At present, it is accurate to say that both—and neither—of these theories are yet adequate to fully explain and predict simulator sickness. Although it is clear which types of pilots are affected by it, and both sensory conflict theory and postural instability theory relate its onset with certain physiological conflicts, neither theory suffices to predict why these specific conflicts (vision vs. vestibular on the one hand, posture vs. control on the other) elicit sickness in the subject. Additional possibilities for elicitation of motion sickness in general (including simulator sickness) include gaze destabilization, which is disrupted if the vestibuloocular reflex gain in the nervous system is altered, moving patterns of visual stimuli, and motions that stimulate the otoliths and semicircular canals of the inner ear.

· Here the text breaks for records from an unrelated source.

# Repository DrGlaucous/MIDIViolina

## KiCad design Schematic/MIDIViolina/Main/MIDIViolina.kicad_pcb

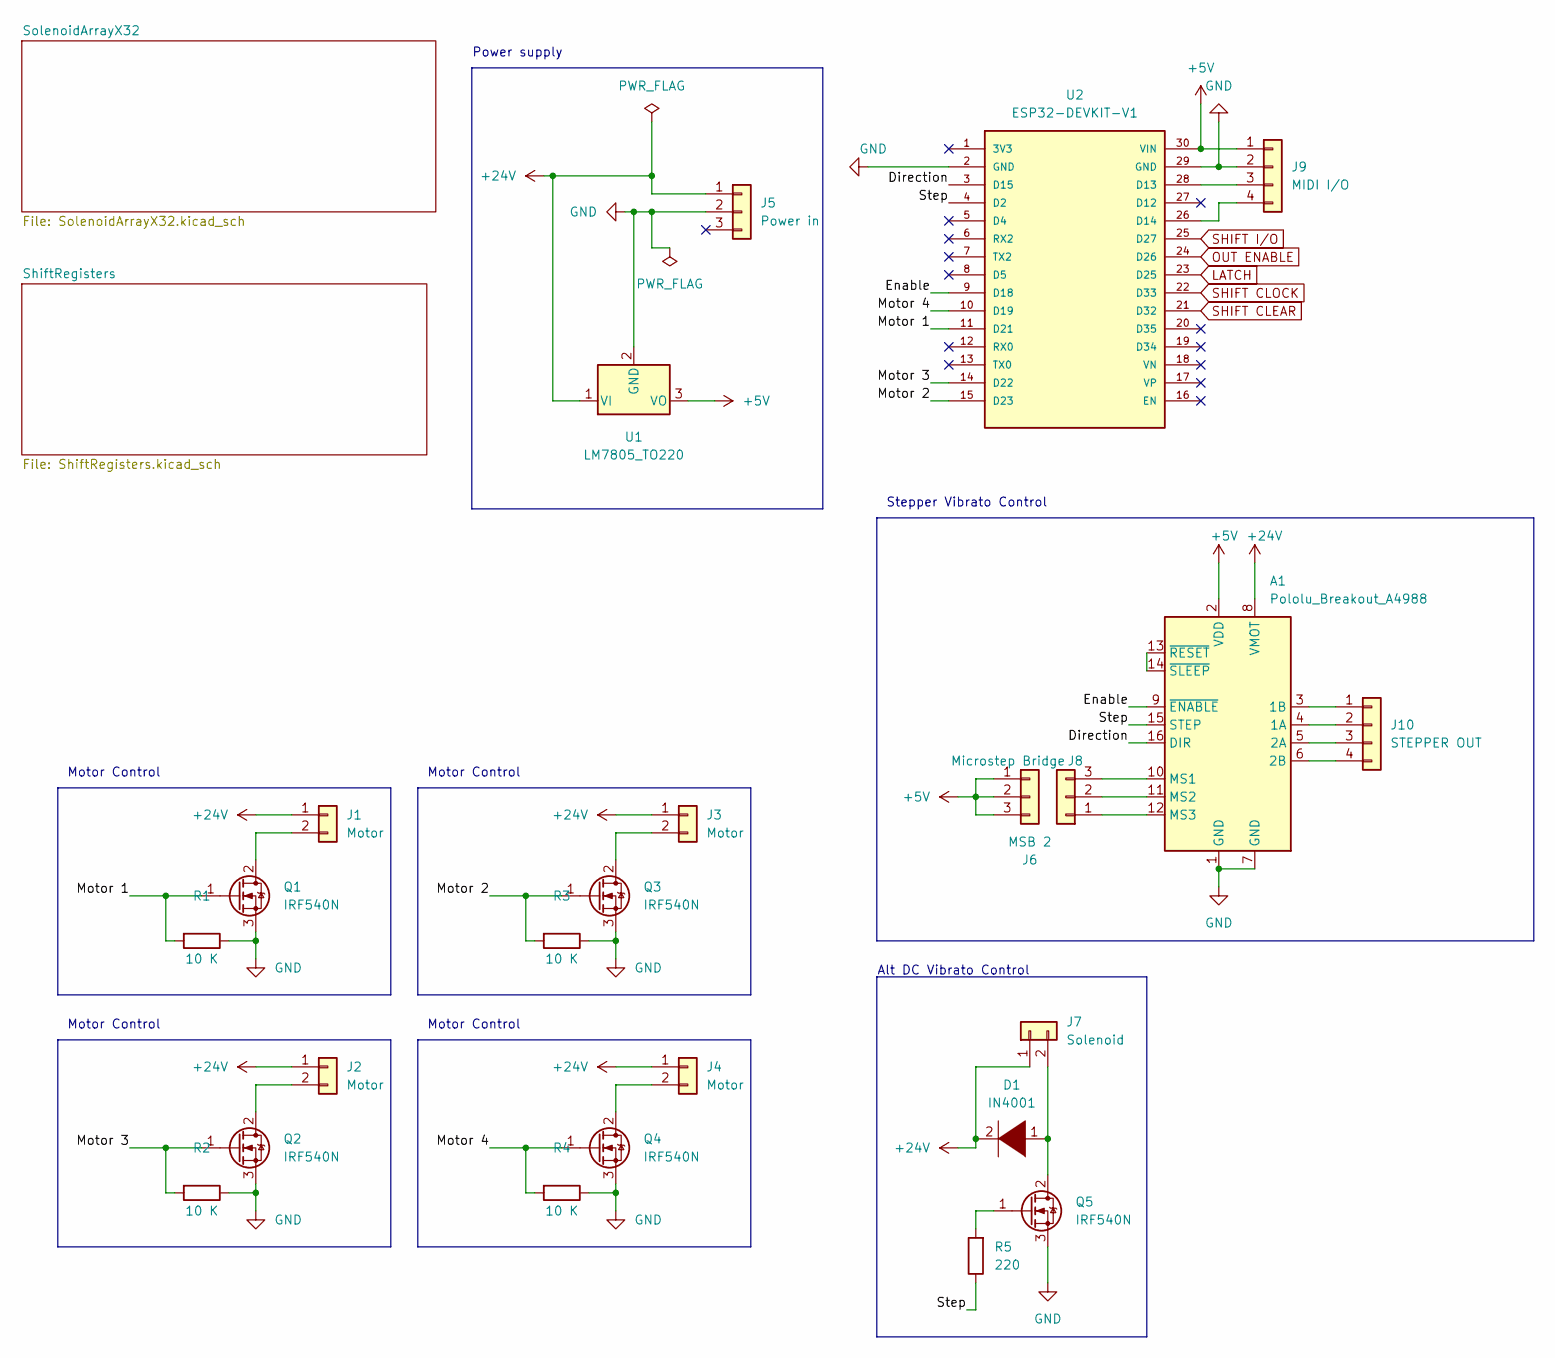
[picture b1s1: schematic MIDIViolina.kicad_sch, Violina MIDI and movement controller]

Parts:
A1: Pololu_Breakout_A4988; Pololu_Breakout-16_15.2x20.3mm
D1: IN4001; D_DO-41_SOD81_P7.62mm_Horizontal
J1, J2, J3, J4: Motor; PinHeader_1x02_P2.54mm_Vertical
J5: Power in; PinHeader_1x03_P2.54mm_Vertical
J6: MSB 2; PinHeader_1x03_P2.54mm_Vertical
J7: Solenoid; PinHeader_1x02_P2.54mm_Vertical
J8: Microstep Bridge; PinHeader_1x03_P2.54mm_Vertical
J9: MIDI I/O; PinHeader_1x04_P2.54mm_Vertical
J10: STEPPER OUT; PinHeader_1x04_P2.54mm_Vertical
Q1, Q2, Q3, Q4, Q5: IRF540N; TO-220-3_Vertical
R1, R2, R3, R4: 10 K; R_Axial_DIN0207_L6.3mm_D2.5mm_P7.62mm_Horizontal
R5: 220; R_Axial_DIN0207_L6.3mm_D2.5mm_P7.62mm_Horizontal
U1: LM7805_TO220; TO-220-3_Vertical
U2: ESP32-DEVKIT-V1; MODULE_ESP32_DEVKIT_V1; PARTREV N/A

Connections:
+5V: A1.2 (VDD), J6.1, J6.2, J6.3, J9.1, U1.3 (VO), U2.30 (VIN); also elsewhere on the board
+24V: A1.8 (VMOT), D1.2 (A), J1.1, J2.1, J3.1, J4.1, J5.1, J7.1, U1.1 (VI); also elsewhere on the board
/Direction: A1.16 (DIR), U2.3 (D15)
/Enable: A1.9 (~ENABLE), U2.9 (D18)
/Motor 1: Q1.1 (G), R1.2, U2.11 (D21)
/Motor 2: Q3.1 (G), R3.2, U2.15 (D23)
/Motor 3: Q2.1 (G), R2.2, U2.14 (D22)
/Motor 4: Q4.1 (G), R4.2, U2.10 (D19)
/Step: A1.15 (STEP), R5.1, U2.4 (D2)
GND: A1.1 (GND), A1.7 (GND), J5.2, J9.2, Q1.3 (S), Q2.3 (S), Q3.3 (S), Q4.3 (S), Q5.3 (S), R1.1, R2.1, R3.1, R4.1, U1.2 (GND), U2.2 (GND), U2.29 (GND); also elsewhere on the board
LATCH: U2.23 (D25); also elsewhere on the board
unnamed: A1.3 (1B), J10.1
unnamed: A1.4 (1A), J10.2
unnamed: A1.5 (2A), J10.3
unnamed: A1.6 (2B), J10.4
unnamed: A1.10 (MS1), J8.3
unnamed: A1.11 (MS2), J8.2
unnamed: A1.12 (MS3), J8.1
unnamed: A1.13 (~RESET), A1.14 (~SLEEP)
unnamed: D1.1 (K), J7.2, Q5.2 (D)
unnamed: J1.2, Q1.2 (D)
unnamed: J2.2, Q2.2 (D)
unnamed: J3.2, Q3.2 (D)
unnamed: J4.2, Q4.2 (D)
unnamed: J9.3, U2.28 (D13)
unnamed: J9.4, U2.26 (D14)
unnamed: Q5.1 (G), R5.2
OUT ENABLE: U2.24 (D26); also elsewhere on the board
SHIFT CLEAR: U2.21 (D32); also elsewhere on the board
SHIFT CLOCK: U2.22 (D33); also elsewhere on the board
SHIFT I/O: U2.25 (D27); also elsewhere on the board

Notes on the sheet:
Motor Control
Alt DC Vibrato Control
Stepper Vibrato Control
Power supply

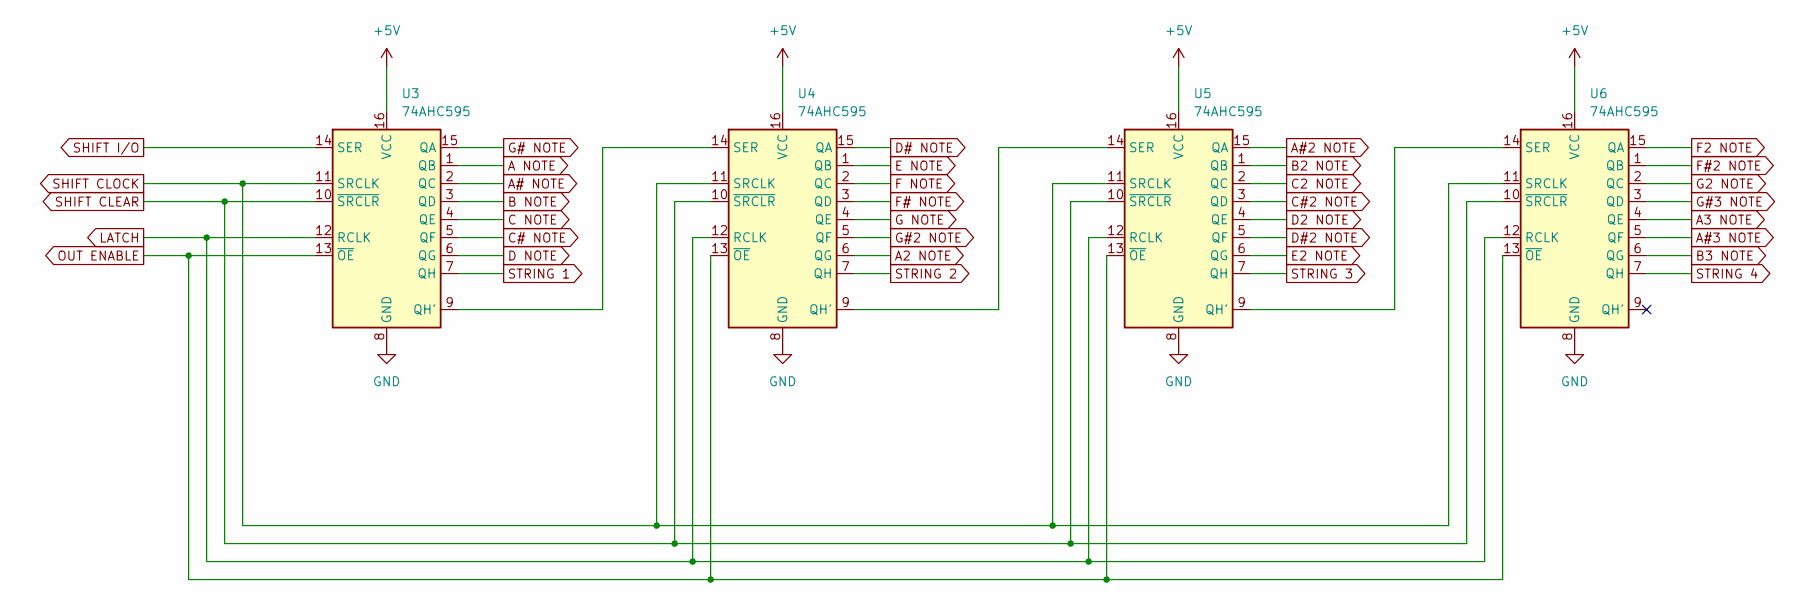
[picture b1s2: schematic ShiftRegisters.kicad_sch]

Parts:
U3, U4, U5, U6: 74AHC595; DIP-16_W7.62mm_LongPads

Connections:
+5V: U3.16 (VCC), U4.16 (VCC), U5.16 (VCC), U6.16 (VCC); also elsewhere on the board
A2 NOTE: U4.6 (QG); also elsewhere on the board
A3 NOTE: U6.4 (QE); also elsewhere on the board
A NOTE: U3.1 (QB); also elsewhere on the board
A#2 NOTE: U5.15 (QA); also elsewhere on the board
A#3 NOTE: U6.5 (QF); also elsewhere on the board
A# NOTE: U3.2 (QC); also elsewhere on the board
B2 NOTE: U5.1 (QB); also elsewhere on the board
B3 NOTE: U6.6 (QG); also elsewhere on the board
B NOTE: U3.3 (QD); also elsewhere on the board
C2 NOTE: U5.2 (QC); also elsewhere on the board
C NOTE: U3.4 (QE); also elsewhere on the board
C#2 NOTE: U5.3 (QD); also elsewhere on the board
C# NOTE: U3.5 (QF); also elsewhere on the board
D2 NOTE: U5.4 (QE); also elsewhere on the board
D NOTE: U3.6 (QG); also elsewhere on the board
D#2 NOTE: U5.5 (QF); also elsewhere on the board
D# NOTE: U4.15 (QA); also elsewhere on the board
E2 NOTE: U5.6 (QG); also elsewhere on the board
E NOTE: U4.1 (QB); also elsewhere on the board
F2 NOTE: U6.15 (QA); also elsewhere on the board
F NOTE: U4.2 (QC); also elsewhere on the board
F#2 NOTE: U6.1 (QB); also elsewhere on the board
F# NOTE: U4.3 (QD); also elsewhere on the board
G2 NOTE: U6.2 (QC); also elsewhere on the board
G NOTE: U4.4 (QE); also elsewhere on the board
G#2 NOTE: U4.5 (QF); also elsewhere on the board
G#3 NOTE: U6.3 (QD); also elsewhere on the board
G# NOTE: U3.15 (QA); also elsewhere on the board
GND: U3.8 (GND), U4.8 (GND), U5.8 (GND), U6.8 (GND); also elsewhere on the board
LATCH: U3.12 (RCLK), U4.12 (RCLK), U5.12 (RCLK), U6.12 (RCLK); also elsewhere on the board
unnamed: U3.9 (QH'), U4.14 (SER)
unnamed: U4.9 (QH'), U5.14 (SER)
unnamed: U5.9 (QH'), U6.14 (SER)
OUT ENABLE: U3.13 (~OE), U4.13 (~OE), U5.13 (~OE), U6.13 (~OE); also elsewhere on the board
SHIFT CLEAR: U3.10 (~SRCLR), U4.10 (~SRCLR), U5.10 (~SRCLR), U6.10 (~SRCLR); also elsewhere on the board
SHIFT CLOCK: U3.11 (SRCLK), U4.11 (SRCLK), U5.11 (SRCLK), U6.11 (SRCLK); also elsewhere on the board
SHIFT I/O: U3.14 (SER); also elsewhere on the board
STRING 1: U3.7 (QH); also elsewhere on the board
STRING 2: U4.7 (QH); also elsewhere on the board
STRING 3: U5.7 (QH); also elsewhere on the board
STRING 4: U6.7 (QH); also elsewhere on the board

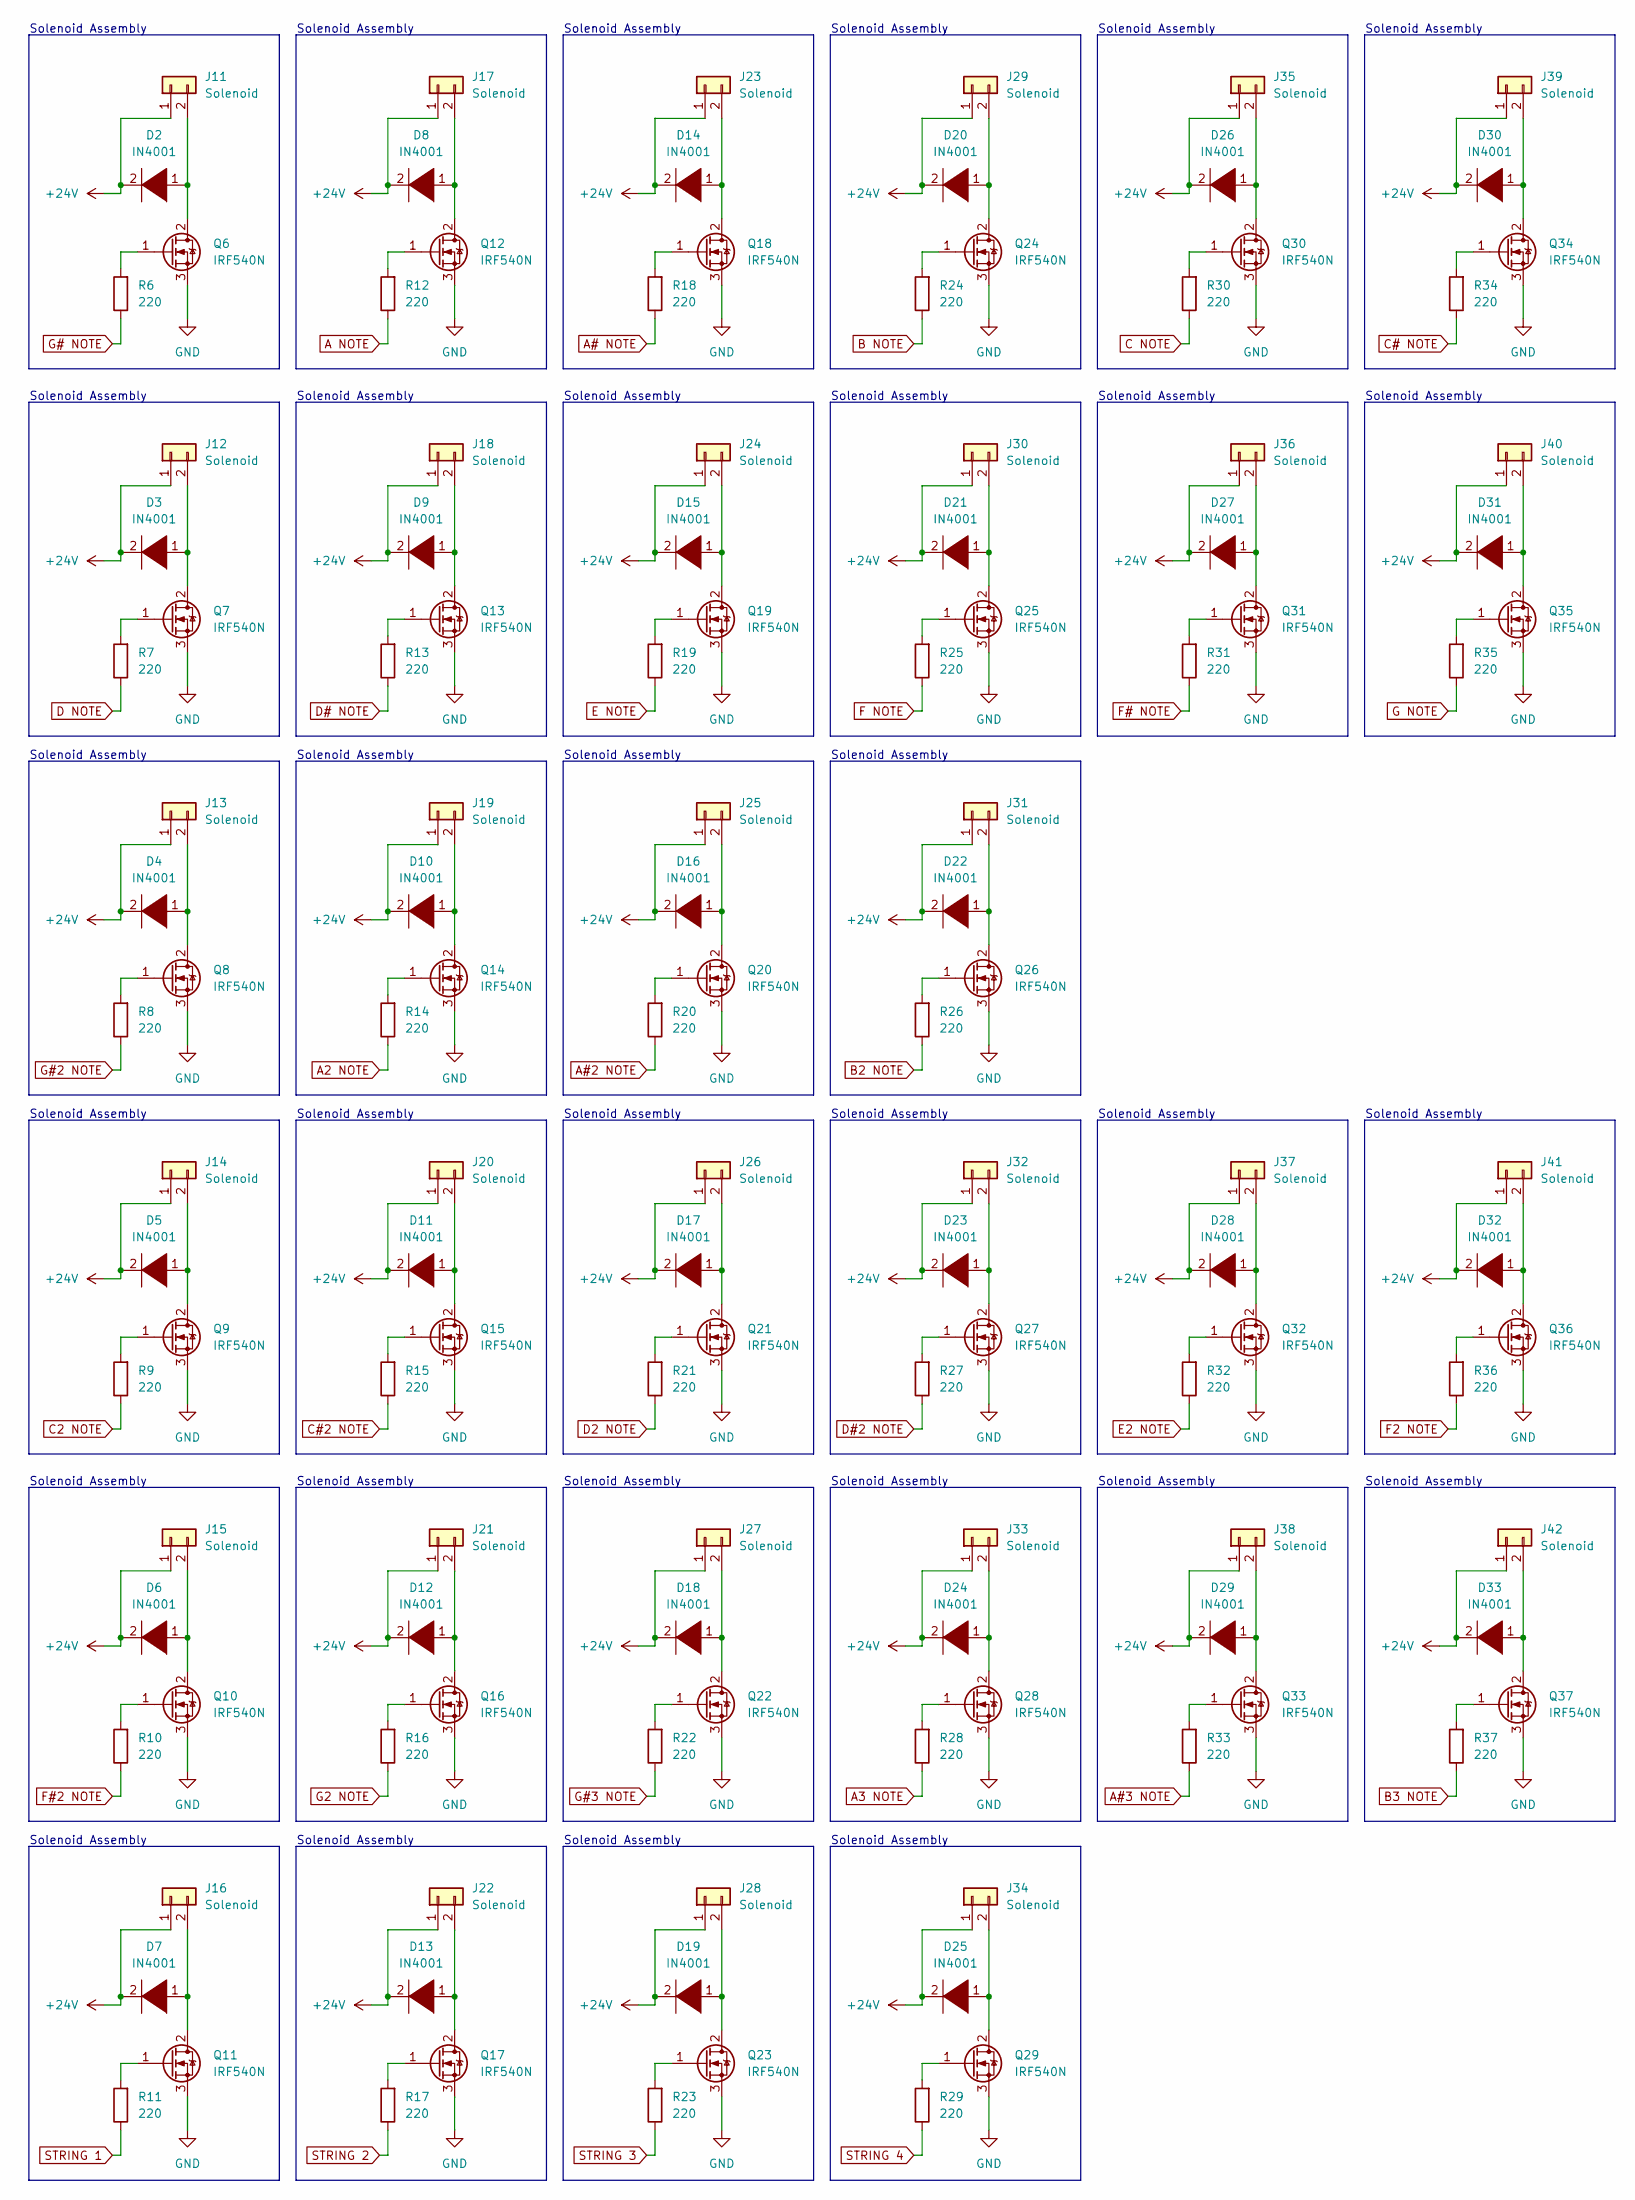
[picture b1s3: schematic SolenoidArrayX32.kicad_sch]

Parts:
D2, D3, D4, D5, D6, D7, D8, D9, D10, D11, D12, D13, D14, D15, D16, D17, D18, D19, D20, D21, D22, D23, D24, D25, D26, D27, D28, D29, D30, D31, D32, D33: IN4001; D_DO-41_SOD81_P7.62mm_Horizontal
J11, J12, J13, J14, J15, J16, J17, J18, J19, J20, J21, J22, J23, J24, J25, J26, J27, J28, J29, J30, J31, J32, J33, J34, J35, J36, J37, J38, J39, J40, J41, J42: Solenoid; PinHeader_1x02_P2.54mm_Vertical
Q6, Q7, Q8, Q9, Q10, Q11, Q12, Q13, Q14, Q15, Q16, Q17, Q18, Q19, Q20, Q21, Q22, Q23, Q24, Q25, Q26, Q27, Q28, Q29, Q30, Q31, Q32, Q33, Q34, Q35, Q36, Q37: IRF540N; TO-220-3_Vertical
R6, R7, R8, R9, R10, R11, R12, R13, R14, R15, R16, R17, R18, R19, R20, R21, R22, R23, R24, R25, R26, R27, R28, R29, R30, R31, R32, R33, R34, R35, R36, R37: 220; R_Axial_DIN0207_L6.3mm_D2.5mm_P7.62mm_Horizontal

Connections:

It is unclear whether or not these stimuli are encountered in significant amounts in a simulator to induce sickness in the expert pilots. However, since laboratory studies have shown the removal of the vestibular projection areas of the cerebellum (in laboratory animals) to result in insusceptibility to motion sickness, it is almost certainly probable that the first of these theories holds the most promise with regard to research into the direct physiological causes of the phenomenon.

While anyone can experience simulator sickness, studies in flight simulators have found a correlation between the appearance of symptoms and the flight experience of the pilot. Studies conducted independently by the US Navy, US Coast Guard, and US Army during the 1980s all came to the same conclusion: the greater experience of the pilot, the higher the likelihood of sickness symptoms during simulation training exercises.[citation needed]

In 1989, the US Army released a report detailing the results of a study examining simulator sickness in UH-60 Blackhawk flight simulators, confirming the above hypothesis. The report also found that longer periods between sessions of flight simulation training resulted in greater probability of detrimental symptoms appearing increased.